[Input data]

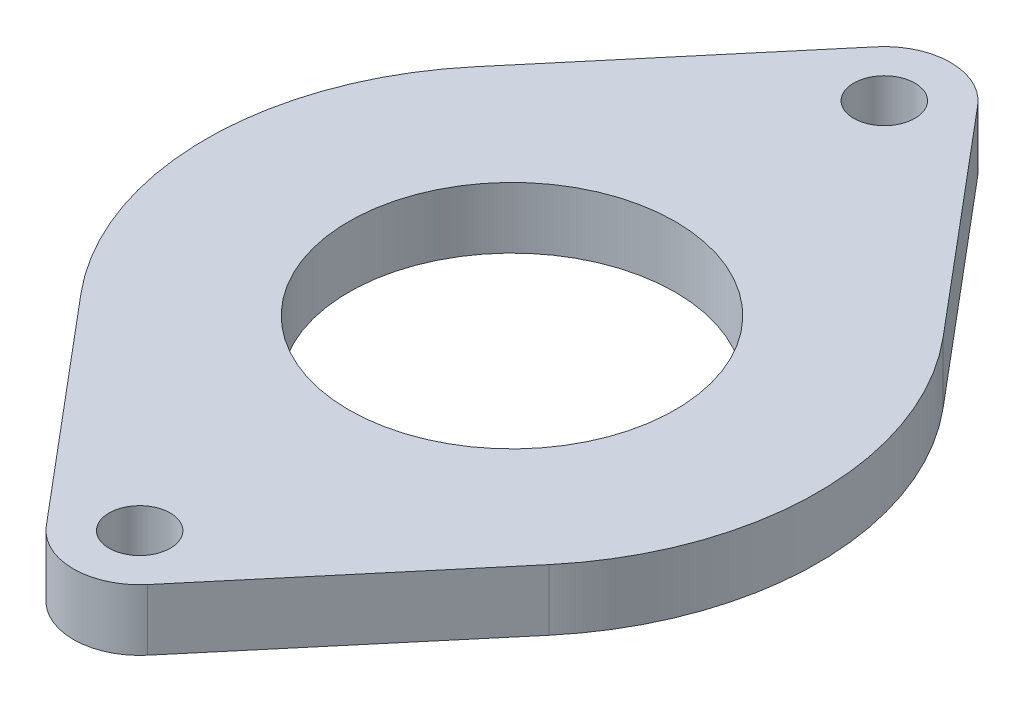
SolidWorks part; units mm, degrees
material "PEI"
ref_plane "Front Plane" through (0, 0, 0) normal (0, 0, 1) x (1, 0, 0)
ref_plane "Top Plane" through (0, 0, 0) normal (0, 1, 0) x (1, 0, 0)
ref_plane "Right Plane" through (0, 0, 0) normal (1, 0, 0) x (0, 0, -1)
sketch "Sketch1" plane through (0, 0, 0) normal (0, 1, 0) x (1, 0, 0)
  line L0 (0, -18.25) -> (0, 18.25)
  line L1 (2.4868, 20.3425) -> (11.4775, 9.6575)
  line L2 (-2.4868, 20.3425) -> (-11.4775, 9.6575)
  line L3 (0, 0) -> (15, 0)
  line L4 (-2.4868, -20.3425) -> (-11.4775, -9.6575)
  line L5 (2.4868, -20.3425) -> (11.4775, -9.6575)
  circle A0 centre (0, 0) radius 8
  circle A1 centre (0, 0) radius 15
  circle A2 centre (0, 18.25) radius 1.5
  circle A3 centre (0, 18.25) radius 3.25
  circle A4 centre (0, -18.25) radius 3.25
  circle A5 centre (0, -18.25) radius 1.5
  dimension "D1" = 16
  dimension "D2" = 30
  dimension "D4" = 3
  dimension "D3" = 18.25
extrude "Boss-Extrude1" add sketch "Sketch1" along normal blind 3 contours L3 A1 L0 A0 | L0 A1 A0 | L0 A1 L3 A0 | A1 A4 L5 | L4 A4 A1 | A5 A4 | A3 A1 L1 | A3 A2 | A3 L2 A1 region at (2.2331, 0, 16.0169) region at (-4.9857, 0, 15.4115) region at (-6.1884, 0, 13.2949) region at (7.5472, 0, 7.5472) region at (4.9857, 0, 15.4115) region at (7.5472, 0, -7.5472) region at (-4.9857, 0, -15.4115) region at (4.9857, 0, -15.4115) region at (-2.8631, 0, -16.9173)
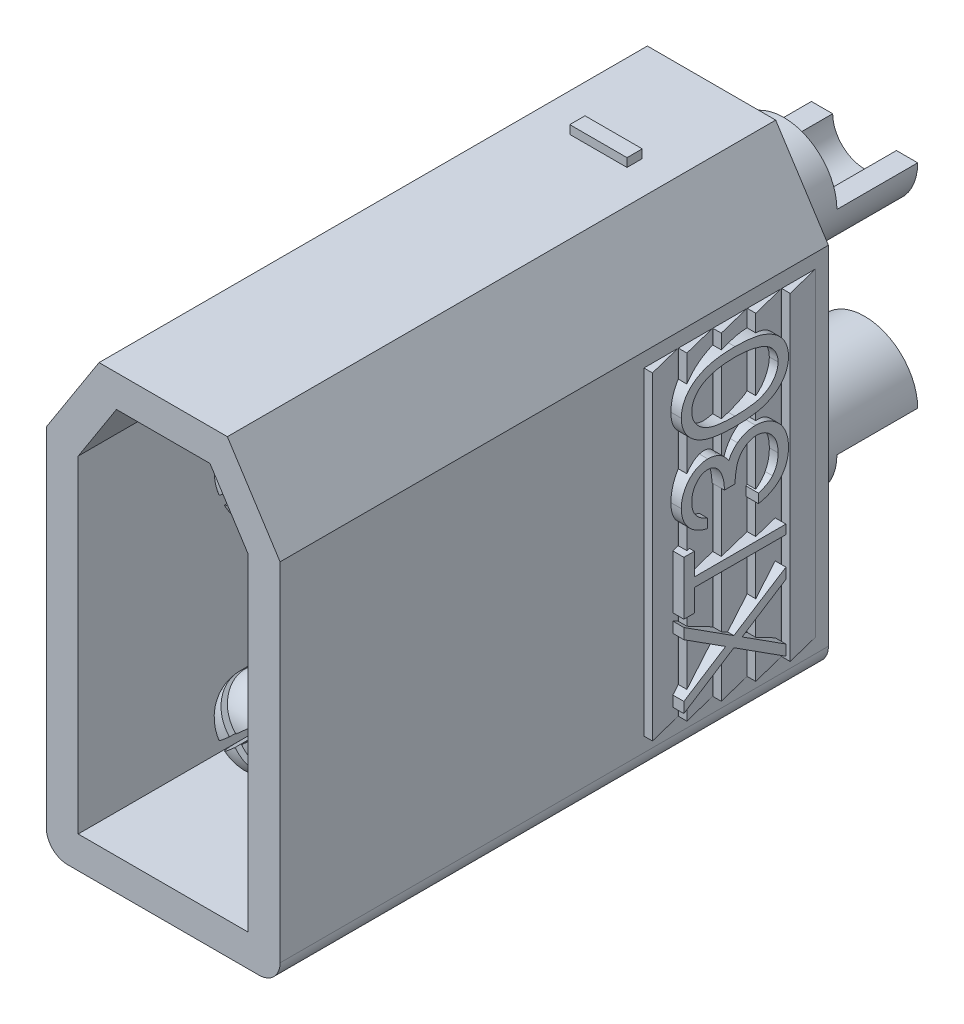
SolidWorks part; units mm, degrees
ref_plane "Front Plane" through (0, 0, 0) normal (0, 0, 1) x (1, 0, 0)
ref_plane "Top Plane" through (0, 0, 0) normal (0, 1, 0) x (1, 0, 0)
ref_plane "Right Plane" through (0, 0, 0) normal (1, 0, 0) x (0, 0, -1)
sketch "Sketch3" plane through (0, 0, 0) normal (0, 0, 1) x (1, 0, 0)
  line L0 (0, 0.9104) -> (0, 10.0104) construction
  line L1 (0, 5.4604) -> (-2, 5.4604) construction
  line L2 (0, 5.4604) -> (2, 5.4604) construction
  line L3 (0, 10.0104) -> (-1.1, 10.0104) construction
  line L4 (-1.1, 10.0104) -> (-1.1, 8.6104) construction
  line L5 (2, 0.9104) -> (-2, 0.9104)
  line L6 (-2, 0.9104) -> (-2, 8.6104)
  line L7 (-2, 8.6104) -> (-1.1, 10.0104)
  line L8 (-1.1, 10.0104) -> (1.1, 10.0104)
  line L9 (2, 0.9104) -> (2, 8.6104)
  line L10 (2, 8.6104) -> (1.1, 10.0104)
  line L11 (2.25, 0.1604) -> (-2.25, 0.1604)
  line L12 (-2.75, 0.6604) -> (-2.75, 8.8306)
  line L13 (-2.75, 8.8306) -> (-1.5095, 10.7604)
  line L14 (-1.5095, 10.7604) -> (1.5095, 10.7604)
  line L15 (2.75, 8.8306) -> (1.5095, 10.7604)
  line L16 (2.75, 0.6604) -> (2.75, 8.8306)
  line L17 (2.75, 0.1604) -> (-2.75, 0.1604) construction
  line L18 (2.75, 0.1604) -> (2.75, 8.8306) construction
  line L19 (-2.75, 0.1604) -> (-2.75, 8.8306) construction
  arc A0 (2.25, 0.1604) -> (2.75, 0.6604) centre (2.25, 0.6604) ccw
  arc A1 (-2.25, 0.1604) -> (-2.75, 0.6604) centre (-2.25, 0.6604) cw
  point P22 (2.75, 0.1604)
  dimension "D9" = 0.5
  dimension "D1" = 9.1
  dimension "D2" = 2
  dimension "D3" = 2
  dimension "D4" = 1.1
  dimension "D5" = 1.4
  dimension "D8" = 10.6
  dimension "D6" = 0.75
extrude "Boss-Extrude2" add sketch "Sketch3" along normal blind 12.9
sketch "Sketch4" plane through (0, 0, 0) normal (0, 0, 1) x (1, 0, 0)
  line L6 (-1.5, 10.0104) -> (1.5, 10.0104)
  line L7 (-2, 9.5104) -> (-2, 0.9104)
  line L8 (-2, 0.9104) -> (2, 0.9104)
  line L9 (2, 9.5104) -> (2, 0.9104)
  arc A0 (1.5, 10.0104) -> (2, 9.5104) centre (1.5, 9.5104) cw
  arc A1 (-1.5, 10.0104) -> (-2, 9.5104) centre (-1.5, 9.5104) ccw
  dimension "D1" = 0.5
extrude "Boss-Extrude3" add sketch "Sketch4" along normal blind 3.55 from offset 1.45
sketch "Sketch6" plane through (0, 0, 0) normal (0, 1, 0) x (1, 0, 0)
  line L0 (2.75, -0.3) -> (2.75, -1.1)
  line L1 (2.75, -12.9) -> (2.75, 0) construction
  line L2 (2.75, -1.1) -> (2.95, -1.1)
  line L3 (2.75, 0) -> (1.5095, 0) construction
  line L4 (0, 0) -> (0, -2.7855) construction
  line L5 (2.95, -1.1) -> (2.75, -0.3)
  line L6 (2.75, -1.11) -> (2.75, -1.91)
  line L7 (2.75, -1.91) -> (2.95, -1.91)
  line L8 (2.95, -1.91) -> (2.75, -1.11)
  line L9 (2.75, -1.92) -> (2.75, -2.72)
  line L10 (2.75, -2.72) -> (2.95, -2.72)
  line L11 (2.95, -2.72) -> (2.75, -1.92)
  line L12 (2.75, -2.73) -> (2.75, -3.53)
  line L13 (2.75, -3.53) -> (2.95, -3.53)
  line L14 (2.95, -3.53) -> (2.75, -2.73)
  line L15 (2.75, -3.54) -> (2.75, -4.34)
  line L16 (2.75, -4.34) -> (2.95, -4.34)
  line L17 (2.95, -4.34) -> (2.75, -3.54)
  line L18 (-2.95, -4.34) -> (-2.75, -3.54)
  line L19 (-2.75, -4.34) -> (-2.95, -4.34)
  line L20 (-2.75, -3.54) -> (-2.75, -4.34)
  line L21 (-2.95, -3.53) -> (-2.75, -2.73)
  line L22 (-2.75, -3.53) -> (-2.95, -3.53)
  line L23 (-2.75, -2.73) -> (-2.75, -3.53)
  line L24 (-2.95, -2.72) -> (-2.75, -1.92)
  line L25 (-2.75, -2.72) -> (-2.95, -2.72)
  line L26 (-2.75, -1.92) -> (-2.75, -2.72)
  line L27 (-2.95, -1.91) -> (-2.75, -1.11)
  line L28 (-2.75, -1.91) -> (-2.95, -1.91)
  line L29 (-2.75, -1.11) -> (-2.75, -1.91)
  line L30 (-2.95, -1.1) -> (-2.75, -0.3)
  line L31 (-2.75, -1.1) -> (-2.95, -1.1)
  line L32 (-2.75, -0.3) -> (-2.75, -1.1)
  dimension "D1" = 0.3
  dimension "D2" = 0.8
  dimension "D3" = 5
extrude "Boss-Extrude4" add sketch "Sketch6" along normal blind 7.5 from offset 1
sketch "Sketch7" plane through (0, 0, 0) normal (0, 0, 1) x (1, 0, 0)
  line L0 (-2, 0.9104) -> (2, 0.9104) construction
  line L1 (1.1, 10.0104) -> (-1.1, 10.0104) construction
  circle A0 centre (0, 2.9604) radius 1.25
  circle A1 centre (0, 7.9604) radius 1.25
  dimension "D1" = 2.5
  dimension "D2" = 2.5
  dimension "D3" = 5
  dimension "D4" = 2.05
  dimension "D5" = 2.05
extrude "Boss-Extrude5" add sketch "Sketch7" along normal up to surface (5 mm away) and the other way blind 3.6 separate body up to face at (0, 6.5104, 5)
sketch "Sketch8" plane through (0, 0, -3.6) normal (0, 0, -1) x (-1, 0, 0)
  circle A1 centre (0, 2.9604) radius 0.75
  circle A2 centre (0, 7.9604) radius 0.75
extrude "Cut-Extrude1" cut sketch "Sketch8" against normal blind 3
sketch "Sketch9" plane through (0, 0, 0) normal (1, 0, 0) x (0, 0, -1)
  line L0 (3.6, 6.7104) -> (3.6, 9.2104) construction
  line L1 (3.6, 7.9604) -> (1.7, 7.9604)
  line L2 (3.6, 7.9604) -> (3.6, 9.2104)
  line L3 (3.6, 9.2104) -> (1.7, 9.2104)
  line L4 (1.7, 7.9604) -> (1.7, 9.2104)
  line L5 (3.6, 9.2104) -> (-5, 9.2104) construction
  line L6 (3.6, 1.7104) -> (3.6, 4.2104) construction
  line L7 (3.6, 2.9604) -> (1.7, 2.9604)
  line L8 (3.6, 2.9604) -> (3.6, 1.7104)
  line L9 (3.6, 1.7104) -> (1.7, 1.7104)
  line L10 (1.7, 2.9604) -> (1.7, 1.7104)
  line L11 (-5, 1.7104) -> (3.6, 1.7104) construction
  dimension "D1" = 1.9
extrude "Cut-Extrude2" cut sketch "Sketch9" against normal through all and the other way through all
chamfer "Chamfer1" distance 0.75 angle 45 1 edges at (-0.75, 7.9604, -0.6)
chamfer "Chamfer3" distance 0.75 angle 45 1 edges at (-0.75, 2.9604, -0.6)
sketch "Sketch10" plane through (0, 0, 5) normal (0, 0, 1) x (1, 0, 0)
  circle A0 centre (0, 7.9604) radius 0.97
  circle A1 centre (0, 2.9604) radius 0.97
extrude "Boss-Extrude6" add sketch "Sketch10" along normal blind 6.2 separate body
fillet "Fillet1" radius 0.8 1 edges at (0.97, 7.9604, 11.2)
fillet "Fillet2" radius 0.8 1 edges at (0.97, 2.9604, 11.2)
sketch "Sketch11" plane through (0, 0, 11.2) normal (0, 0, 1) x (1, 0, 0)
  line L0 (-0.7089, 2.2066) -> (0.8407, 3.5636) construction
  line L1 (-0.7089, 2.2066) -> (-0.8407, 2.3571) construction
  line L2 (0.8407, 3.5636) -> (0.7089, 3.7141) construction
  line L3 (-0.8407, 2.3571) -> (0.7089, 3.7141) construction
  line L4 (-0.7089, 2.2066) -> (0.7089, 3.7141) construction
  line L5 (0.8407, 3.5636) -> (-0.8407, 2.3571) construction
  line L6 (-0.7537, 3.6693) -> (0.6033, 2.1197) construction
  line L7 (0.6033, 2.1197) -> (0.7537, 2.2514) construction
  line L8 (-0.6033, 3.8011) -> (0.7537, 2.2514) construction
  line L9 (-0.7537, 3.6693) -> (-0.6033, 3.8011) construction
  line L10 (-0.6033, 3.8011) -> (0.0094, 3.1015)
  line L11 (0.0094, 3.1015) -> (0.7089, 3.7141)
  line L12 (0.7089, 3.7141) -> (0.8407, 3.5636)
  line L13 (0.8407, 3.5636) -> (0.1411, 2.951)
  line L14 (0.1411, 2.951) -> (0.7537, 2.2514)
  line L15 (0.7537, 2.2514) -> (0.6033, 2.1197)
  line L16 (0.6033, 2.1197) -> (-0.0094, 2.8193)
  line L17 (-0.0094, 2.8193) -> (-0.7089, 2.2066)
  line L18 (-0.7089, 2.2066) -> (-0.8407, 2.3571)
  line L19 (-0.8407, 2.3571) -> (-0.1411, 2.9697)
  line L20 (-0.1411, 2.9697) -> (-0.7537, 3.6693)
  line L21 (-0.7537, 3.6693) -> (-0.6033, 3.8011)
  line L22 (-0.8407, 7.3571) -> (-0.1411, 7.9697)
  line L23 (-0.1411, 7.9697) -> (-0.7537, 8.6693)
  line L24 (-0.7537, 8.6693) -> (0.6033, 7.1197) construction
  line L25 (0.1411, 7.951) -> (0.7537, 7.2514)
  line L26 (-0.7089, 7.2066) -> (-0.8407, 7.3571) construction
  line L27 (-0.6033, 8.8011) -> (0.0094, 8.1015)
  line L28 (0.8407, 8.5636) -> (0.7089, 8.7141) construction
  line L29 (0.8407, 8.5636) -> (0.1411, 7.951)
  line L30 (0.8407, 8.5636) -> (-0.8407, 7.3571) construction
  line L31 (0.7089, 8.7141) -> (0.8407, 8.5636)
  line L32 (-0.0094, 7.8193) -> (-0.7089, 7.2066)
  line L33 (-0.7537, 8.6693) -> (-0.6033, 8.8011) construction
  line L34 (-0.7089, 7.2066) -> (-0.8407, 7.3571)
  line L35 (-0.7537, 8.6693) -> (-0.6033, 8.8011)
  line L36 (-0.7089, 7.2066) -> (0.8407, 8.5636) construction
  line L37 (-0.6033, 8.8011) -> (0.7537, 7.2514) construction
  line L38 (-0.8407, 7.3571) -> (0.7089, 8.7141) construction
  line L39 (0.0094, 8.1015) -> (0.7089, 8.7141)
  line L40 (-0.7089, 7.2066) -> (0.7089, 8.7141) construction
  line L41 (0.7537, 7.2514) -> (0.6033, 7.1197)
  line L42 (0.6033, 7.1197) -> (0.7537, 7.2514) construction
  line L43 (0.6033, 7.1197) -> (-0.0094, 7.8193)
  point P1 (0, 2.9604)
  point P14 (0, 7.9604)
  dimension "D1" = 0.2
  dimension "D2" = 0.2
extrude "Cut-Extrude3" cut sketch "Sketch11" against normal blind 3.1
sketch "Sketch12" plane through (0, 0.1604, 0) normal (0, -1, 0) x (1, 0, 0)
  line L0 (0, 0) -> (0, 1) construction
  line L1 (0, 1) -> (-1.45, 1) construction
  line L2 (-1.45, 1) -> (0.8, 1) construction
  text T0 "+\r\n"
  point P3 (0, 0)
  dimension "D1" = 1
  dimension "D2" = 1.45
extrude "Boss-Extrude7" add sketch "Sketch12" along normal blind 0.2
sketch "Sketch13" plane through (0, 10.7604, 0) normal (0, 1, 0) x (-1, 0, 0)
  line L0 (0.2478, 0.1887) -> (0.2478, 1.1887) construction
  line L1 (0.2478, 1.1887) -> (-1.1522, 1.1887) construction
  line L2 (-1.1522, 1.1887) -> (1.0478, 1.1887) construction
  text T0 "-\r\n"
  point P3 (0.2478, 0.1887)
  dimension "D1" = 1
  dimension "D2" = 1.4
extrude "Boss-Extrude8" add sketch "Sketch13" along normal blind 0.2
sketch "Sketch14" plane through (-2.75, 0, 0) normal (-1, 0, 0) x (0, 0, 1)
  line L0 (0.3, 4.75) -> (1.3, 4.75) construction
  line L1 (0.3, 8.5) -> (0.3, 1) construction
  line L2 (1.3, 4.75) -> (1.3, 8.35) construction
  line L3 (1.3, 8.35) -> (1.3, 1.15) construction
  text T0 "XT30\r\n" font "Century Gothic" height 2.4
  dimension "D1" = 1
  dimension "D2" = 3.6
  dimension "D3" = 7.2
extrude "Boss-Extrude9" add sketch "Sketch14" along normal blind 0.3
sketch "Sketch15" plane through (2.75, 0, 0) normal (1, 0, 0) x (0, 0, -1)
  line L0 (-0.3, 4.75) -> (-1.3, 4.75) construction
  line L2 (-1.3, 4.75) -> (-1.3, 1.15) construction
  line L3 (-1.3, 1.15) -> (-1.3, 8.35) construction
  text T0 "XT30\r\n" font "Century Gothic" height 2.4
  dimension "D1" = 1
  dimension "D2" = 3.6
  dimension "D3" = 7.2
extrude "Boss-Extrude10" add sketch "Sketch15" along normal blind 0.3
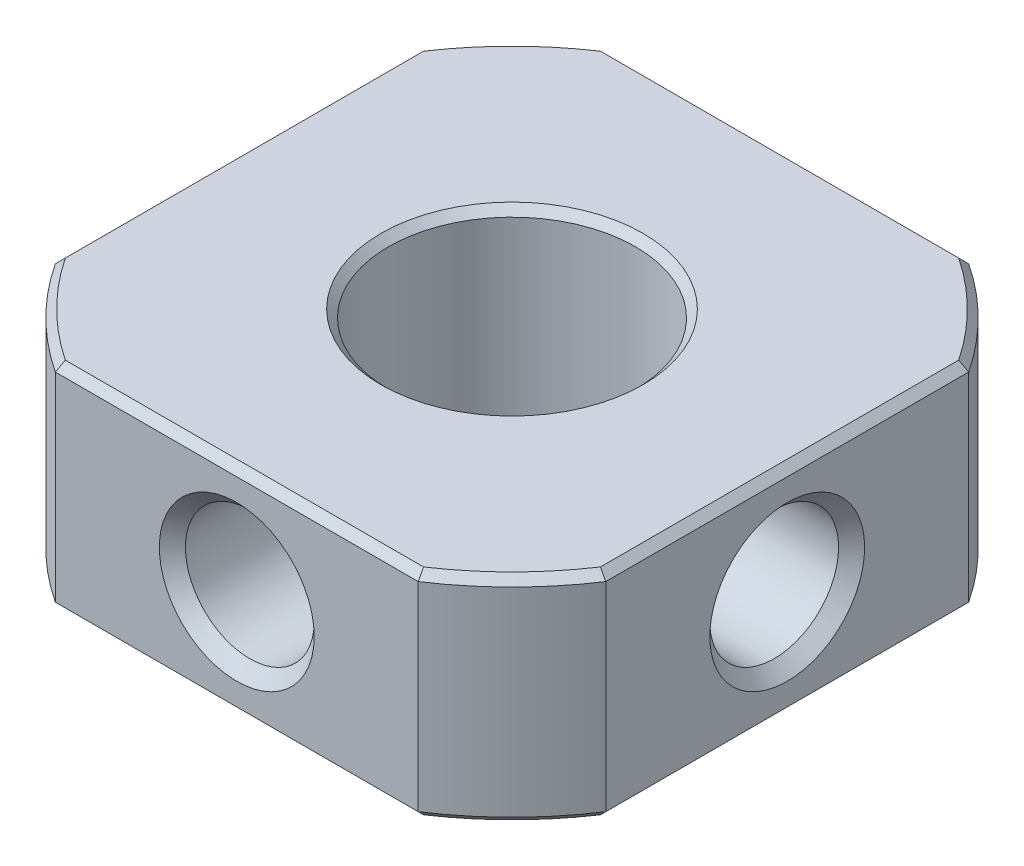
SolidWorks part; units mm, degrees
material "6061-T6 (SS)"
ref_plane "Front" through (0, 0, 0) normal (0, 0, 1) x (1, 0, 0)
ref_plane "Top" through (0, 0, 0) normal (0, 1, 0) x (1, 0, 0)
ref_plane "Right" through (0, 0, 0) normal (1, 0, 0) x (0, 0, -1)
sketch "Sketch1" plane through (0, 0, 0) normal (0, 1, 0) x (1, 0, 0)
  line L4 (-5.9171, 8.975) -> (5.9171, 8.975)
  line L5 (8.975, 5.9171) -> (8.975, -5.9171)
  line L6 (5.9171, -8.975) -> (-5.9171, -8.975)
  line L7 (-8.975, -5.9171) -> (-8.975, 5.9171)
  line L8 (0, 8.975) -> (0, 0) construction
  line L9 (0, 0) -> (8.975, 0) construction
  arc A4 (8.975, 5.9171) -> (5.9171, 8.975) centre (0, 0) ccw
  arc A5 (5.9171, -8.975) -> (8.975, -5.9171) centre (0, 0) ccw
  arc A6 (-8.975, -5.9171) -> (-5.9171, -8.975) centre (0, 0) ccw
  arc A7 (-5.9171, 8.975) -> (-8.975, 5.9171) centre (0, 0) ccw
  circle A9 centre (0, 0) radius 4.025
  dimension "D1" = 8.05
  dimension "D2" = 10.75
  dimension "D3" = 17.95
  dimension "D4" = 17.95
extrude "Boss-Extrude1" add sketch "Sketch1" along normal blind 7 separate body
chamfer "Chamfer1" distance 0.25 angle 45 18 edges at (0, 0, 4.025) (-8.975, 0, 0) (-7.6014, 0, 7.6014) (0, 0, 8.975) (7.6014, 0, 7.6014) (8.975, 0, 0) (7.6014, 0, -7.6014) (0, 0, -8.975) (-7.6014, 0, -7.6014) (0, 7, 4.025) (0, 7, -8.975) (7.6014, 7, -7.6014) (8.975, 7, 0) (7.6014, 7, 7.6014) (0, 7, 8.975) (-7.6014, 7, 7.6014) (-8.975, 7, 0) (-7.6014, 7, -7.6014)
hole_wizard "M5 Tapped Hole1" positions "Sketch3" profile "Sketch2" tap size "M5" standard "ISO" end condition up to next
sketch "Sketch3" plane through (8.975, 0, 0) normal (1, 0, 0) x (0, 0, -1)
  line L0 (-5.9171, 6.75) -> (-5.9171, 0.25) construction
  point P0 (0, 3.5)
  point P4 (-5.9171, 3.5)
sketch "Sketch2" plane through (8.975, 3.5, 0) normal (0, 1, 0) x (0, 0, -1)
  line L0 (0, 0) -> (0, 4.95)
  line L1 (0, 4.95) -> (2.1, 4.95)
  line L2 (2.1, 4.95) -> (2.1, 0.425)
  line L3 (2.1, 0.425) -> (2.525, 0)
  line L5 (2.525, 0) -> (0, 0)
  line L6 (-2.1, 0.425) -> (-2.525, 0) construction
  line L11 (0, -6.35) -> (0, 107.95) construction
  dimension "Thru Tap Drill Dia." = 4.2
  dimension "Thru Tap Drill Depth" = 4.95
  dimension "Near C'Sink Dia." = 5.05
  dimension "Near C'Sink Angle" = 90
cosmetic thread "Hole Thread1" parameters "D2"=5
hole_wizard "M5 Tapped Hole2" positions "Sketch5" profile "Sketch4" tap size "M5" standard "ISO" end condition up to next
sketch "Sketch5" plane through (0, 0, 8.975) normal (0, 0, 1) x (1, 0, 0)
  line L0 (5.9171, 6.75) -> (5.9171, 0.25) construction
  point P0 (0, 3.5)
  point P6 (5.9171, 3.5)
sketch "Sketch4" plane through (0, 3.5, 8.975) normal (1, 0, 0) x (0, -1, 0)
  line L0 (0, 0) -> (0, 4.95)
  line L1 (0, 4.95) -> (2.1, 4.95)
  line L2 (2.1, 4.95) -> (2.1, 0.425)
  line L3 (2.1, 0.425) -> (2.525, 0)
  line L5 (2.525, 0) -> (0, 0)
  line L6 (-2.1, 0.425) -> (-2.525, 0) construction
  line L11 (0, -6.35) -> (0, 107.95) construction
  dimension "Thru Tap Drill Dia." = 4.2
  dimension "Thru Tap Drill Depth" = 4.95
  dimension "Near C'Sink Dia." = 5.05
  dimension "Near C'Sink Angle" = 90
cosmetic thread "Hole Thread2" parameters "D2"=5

[/Input data]

■ Exercise requirements ■
Above are the records; copy exactly the lines from the line with "line L15 (2.75, -3.54) -> (2.75, -4.34)" through the line with "line L24 (-2.95, -2.72) -> (-2.75, -1.92)", both included.

■ Exercise answer ■
  line L15 (2.75, -3.54) -> (2.75, -4.34)
  line L16 (2.75, -4.34) -> (2.95, -4.34)
  line L17 (2.95, -4.34) -> (2.75, -3.54)
  line L18 (-2.95, -4.34) -> (-2.75, -3.54)
  line L19 (-2.75, -4.34) -> (-2.95, -4.34)
  line L20 (-2.75, -3.54) -> (-2.75, -4.34)
  line L21 (-2.95, -3.53) -> (-2.75, -2.73)
  line L22 (-2.75, -3.53) -> (-2.95, -3.53)
  line L23 (-2.75, -2.73) -> (-2.75, -3.53)
  line L24 (-2.95, -2.72) -> (-2.75, -1.92)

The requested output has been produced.